Air Ops isn't going to cut recruiting, it's just going (ideally) free up aircrew. Make good some of the shortages.

We're reducing New Wings Grad production for a few reasons. 1, Phase II was overloaded by the push the last 2 years (and ugly winter wx) and needs to unsurge. 2, it turns out a mass orgy of FOs and Wingmen with minimal hours was not the solution to the pilot shortage, and has just made more problems.

Fewer NWGs means fewer enrollees. Remains to be seen how long or drastic the slowdown is. Best of luck.


----------



## Capfiddich

Was told from my CFRC that pilot numbers were shortened to a total of 16 for this year with 7 remaining as of today. Quite different from the 15 left from before, after waiting for so long I'm thinking of applying for the other aircrew trades now.


----------



## Duffman118

Capfiddich said:
			
		

> Was told from my CFRC that pilot numbers were shortened to a total of 16 for this year with 7 remaining as of today. Quite different from the 15 left from before, after waiting for so long I'm thinking of applying for the other aircrew trades now.



I know wait times differ drastically based on a great variety of factors but how long have you waited if you dont mind me asking? 

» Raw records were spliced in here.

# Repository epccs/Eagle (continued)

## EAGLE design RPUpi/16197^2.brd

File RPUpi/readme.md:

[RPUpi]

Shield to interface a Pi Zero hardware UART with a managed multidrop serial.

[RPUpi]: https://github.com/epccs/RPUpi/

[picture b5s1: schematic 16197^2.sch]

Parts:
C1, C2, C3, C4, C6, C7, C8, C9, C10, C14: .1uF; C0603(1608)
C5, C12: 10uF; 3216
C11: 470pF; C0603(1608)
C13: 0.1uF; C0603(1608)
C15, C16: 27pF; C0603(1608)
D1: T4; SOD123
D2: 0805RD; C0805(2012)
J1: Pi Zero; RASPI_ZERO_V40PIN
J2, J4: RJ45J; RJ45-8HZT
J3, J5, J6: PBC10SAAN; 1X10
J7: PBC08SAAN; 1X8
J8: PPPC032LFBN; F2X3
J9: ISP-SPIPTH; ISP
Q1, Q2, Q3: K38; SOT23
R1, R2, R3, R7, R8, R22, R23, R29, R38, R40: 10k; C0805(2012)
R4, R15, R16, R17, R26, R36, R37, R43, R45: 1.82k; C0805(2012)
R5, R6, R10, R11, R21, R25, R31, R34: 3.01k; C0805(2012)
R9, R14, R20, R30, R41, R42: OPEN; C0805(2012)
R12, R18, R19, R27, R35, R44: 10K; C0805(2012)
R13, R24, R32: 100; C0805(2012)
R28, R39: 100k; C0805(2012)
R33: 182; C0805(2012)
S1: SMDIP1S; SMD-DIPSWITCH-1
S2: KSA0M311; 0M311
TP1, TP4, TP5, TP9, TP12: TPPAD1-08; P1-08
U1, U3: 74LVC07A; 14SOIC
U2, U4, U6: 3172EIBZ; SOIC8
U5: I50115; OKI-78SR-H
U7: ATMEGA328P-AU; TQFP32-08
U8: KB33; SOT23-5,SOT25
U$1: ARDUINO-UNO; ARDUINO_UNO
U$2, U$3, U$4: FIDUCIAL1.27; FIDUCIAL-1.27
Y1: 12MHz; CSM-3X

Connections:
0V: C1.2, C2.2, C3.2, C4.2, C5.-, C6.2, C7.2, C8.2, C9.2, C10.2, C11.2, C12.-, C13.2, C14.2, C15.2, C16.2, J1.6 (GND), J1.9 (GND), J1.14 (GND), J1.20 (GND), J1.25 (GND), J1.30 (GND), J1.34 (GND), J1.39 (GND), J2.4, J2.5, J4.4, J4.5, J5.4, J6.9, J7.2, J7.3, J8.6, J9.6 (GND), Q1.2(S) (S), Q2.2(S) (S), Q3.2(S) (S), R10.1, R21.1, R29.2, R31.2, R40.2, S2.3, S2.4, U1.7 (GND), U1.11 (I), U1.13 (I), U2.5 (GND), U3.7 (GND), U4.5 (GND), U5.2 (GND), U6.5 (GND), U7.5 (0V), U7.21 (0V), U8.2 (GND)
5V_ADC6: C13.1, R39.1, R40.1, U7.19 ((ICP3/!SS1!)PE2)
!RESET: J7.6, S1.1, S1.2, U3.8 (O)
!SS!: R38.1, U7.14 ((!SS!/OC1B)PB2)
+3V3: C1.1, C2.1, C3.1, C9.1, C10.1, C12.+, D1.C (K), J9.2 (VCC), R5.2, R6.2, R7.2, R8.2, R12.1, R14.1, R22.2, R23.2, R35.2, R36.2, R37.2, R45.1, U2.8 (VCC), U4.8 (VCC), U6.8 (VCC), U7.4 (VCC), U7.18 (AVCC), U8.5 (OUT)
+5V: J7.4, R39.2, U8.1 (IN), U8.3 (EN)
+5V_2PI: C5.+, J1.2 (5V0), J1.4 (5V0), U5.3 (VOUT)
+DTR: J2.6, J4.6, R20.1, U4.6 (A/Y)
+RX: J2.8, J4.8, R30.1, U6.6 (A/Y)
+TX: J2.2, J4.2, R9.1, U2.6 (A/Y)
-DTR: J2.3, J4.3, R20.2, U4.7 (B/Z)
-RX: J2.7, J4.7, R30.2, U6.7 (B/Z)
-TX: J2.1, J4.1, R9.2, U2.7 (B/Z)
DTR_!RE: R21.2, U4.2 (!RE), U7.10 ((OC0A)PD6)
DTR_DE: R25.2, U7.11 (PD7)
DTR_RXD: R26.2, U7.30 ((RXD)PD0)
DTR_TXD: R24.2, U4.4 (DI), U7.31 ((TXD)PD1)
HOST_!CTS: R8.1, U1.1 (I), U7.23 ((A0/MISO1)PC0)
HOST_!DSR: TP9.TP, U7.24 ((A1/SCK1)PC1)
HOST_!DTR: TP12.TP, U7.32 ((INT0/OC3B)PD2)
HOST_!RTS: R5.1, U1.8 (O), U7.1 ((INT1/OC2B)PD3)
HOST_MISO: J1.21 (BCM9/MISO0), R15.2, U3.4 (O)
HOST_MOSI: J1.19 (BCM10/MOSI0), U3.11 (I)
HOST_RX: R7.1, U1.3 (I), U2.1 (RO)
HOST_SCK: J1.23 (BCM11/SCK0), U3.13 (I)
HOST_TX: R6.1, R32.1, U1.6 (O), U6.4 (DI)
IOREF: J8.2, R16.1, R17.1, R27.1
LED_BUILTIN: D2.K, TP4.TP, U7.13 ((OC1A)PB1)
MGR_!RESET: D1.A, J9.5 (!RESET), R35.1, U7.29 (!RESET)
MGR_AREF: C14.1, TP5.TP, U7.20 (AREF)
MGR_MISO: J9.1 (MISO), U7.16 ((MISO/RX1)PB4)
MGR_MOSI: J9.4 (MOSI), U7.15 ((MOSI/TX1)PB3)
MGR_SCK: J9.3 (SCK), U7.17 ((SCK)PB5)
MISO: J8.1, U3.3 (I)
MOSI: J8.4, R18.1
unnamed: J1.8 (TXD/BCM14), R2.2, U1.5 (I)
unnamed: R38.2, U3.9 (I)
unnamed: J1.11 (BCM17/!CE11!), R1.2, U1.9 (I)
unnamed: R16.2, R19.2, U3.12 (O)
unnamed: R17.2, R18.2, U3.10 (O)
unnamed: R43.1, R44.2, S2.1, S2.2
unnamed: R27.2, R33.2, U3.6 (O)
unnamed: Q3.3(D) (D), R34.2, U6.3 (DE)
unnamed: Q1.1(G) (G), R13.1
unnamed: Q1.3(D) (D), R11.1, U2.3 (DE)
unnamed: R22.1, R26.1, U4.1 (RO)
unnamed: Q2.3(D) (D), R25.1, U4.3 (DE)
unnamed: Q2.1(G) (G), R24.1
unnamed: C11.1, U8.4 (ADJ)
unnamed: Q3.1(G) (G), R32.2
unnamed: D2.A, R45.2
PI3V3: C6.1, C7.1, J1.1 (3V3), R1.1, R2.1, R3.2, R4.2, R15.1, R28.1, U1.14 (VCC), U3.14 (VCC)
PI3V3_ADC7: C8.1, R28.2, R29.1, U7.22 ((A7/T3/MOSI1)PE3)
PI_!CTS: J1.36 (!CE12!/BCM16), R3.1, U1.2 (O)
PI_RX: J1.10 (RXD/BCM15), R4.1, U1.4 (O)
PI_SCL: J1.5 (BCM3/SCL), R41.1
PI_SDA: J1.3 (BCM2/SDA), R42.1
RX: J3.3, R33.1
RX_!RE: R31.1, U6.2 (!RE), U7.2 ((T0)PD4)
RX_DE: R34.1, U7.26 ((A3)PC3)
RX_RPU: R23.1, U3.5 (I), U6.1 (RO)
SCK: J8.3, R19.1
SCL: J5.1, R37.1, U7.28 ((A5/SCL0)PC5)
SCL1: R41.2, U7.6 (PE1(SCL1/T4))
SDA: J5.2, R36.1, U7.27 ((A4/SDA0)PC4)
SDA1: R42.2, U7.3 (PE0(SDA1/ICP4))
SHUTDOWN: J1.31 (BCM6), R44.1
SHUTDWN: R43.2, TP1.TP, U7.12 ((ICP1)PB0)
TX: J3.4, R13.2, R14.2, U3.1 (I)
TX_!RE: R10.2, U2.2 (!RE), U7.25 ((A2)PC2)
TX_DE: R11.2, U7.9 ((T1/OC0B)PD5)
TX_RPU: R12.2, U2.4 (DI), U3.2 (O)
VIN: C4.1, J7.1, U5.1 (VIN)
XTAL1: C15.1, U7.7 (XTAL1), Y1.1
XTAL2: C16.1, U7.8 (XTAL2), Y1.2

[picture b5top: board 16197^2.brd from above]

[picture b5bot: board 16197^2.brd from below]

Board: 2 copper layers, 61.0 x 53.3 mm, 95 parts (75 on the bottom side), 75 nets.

I've only just joined the comp list in March and am just trying to get a "rough" idea of the expected wait time.. I assume that the wait just got longer if the above info is correct.

I was also wondering if anyone knows if I need to redo the target interview and pilot medical each year... I did my first job interview last August, my last medical in Toronto was November.

Thank you!


----------



## Mozartkart

Duffman118 said:
			
		

> I know wait times differ drastically based on a great variety of factors but how long have you waited if you don't mind me asking?
> 
> I've only just joined the comp list in March and am just trying to get a "rough" idea of the expected wait time. I assume that the wait just got longer if the above info is correct.
> 
> I was also wondering if anyone knows if I need to redo the target interview and pilot medical each year... I did my first job interview last August, my last medical in Toronto was November.
> 
> Thank you!



I got on the competition list earlier this year so in the same boat as you. You have to redo your interview and basic medical every year (so you'll have to redo your interview in August for example). I think the aircrew medical is good for two years though. 
And it is very hard to give you a rough idea of the expected wait time. That depends on a lot of factors and how competitive the merit list is. Some people say if you get on the list it's just a matter of time but that is a very optimistic look. The competition list is just that, a ranked list of applicants that they will select starting with the most competitive. And who knows when they will select those pilots, they could select them all at the end of the year for all we know. So in the meantime keep physical and in good health, but also keep working on your personal life and career. That way if an offer comes, you are ready to go, but if one doesn't come anytime soon you haven't put your life on hold waiting. But if you want an idea of wait times, I know people that were selected for DEO pilot in 3 months, and I know someone who was selected after 3 years so who knows how long it'll take.


----------



## Capfiddich

Duffman118 said:
			
		

> I know wait times differ drastically based on a great variety of factors but how long have you waited if you dont mind me asking?
> 
> I've only just joined the comp list in March and am just trying to get a "rough" idea of the expected wait time.. I assume that the wait just got longer if the above info is correct.
> 
> I was also wondering if anyone knows if I need to redo the target interview and pilot medical each year... I did my first job interview last August, my last medical in Toronto was November.
> 
> Thank you!



I got on the list early last year and been waiting since then. Waiting doesn't mean anything and the people who come after you can take the spot as it competitive so it's a good idea to have back-up plan if it doesn't work.


----------



## Sub_Guy

RicoSalva said:
			
		

> i also want to be a pilot but my parents dont allow me. How can i convince them?



Are you trolling?   Seriously, I don’t know of any adults who wouldn’t let their kids become pilots.

Anyway.  Let them know you are entering a profession that is in demand, well paid, and eventually you might be able to get them free flights (if you move on after your RCAF obligations)..   Plus you’ll be moving out of their house!

My bot senses are tingling..


----------



## Loachman

If he's young enough to require parental consent, yes, that can be an obstacle - there are many otherwise intelligent parents who would not grant consent for their children to join the Armed Forces. He'd need a degree as well, which could mean consent for RMC.

RicoSalva - There is a Getting Parents Onboard (or something like that) thread somewhere on this Fine Site. I'd suggest a read through that for some ideas. I'd also suggest exploring other relevant threads as well. There is a ton of useful information here ripe for the plucking.

Flying training is extremely demanding. You may as well get used to doing homework by researching here. You'll also likely find answers to many questions before they even occur to you.

You have two choices, as I see it: Build a case so persuasive that your parents cannot refuse the necessary consent, or wait until you no longer require it.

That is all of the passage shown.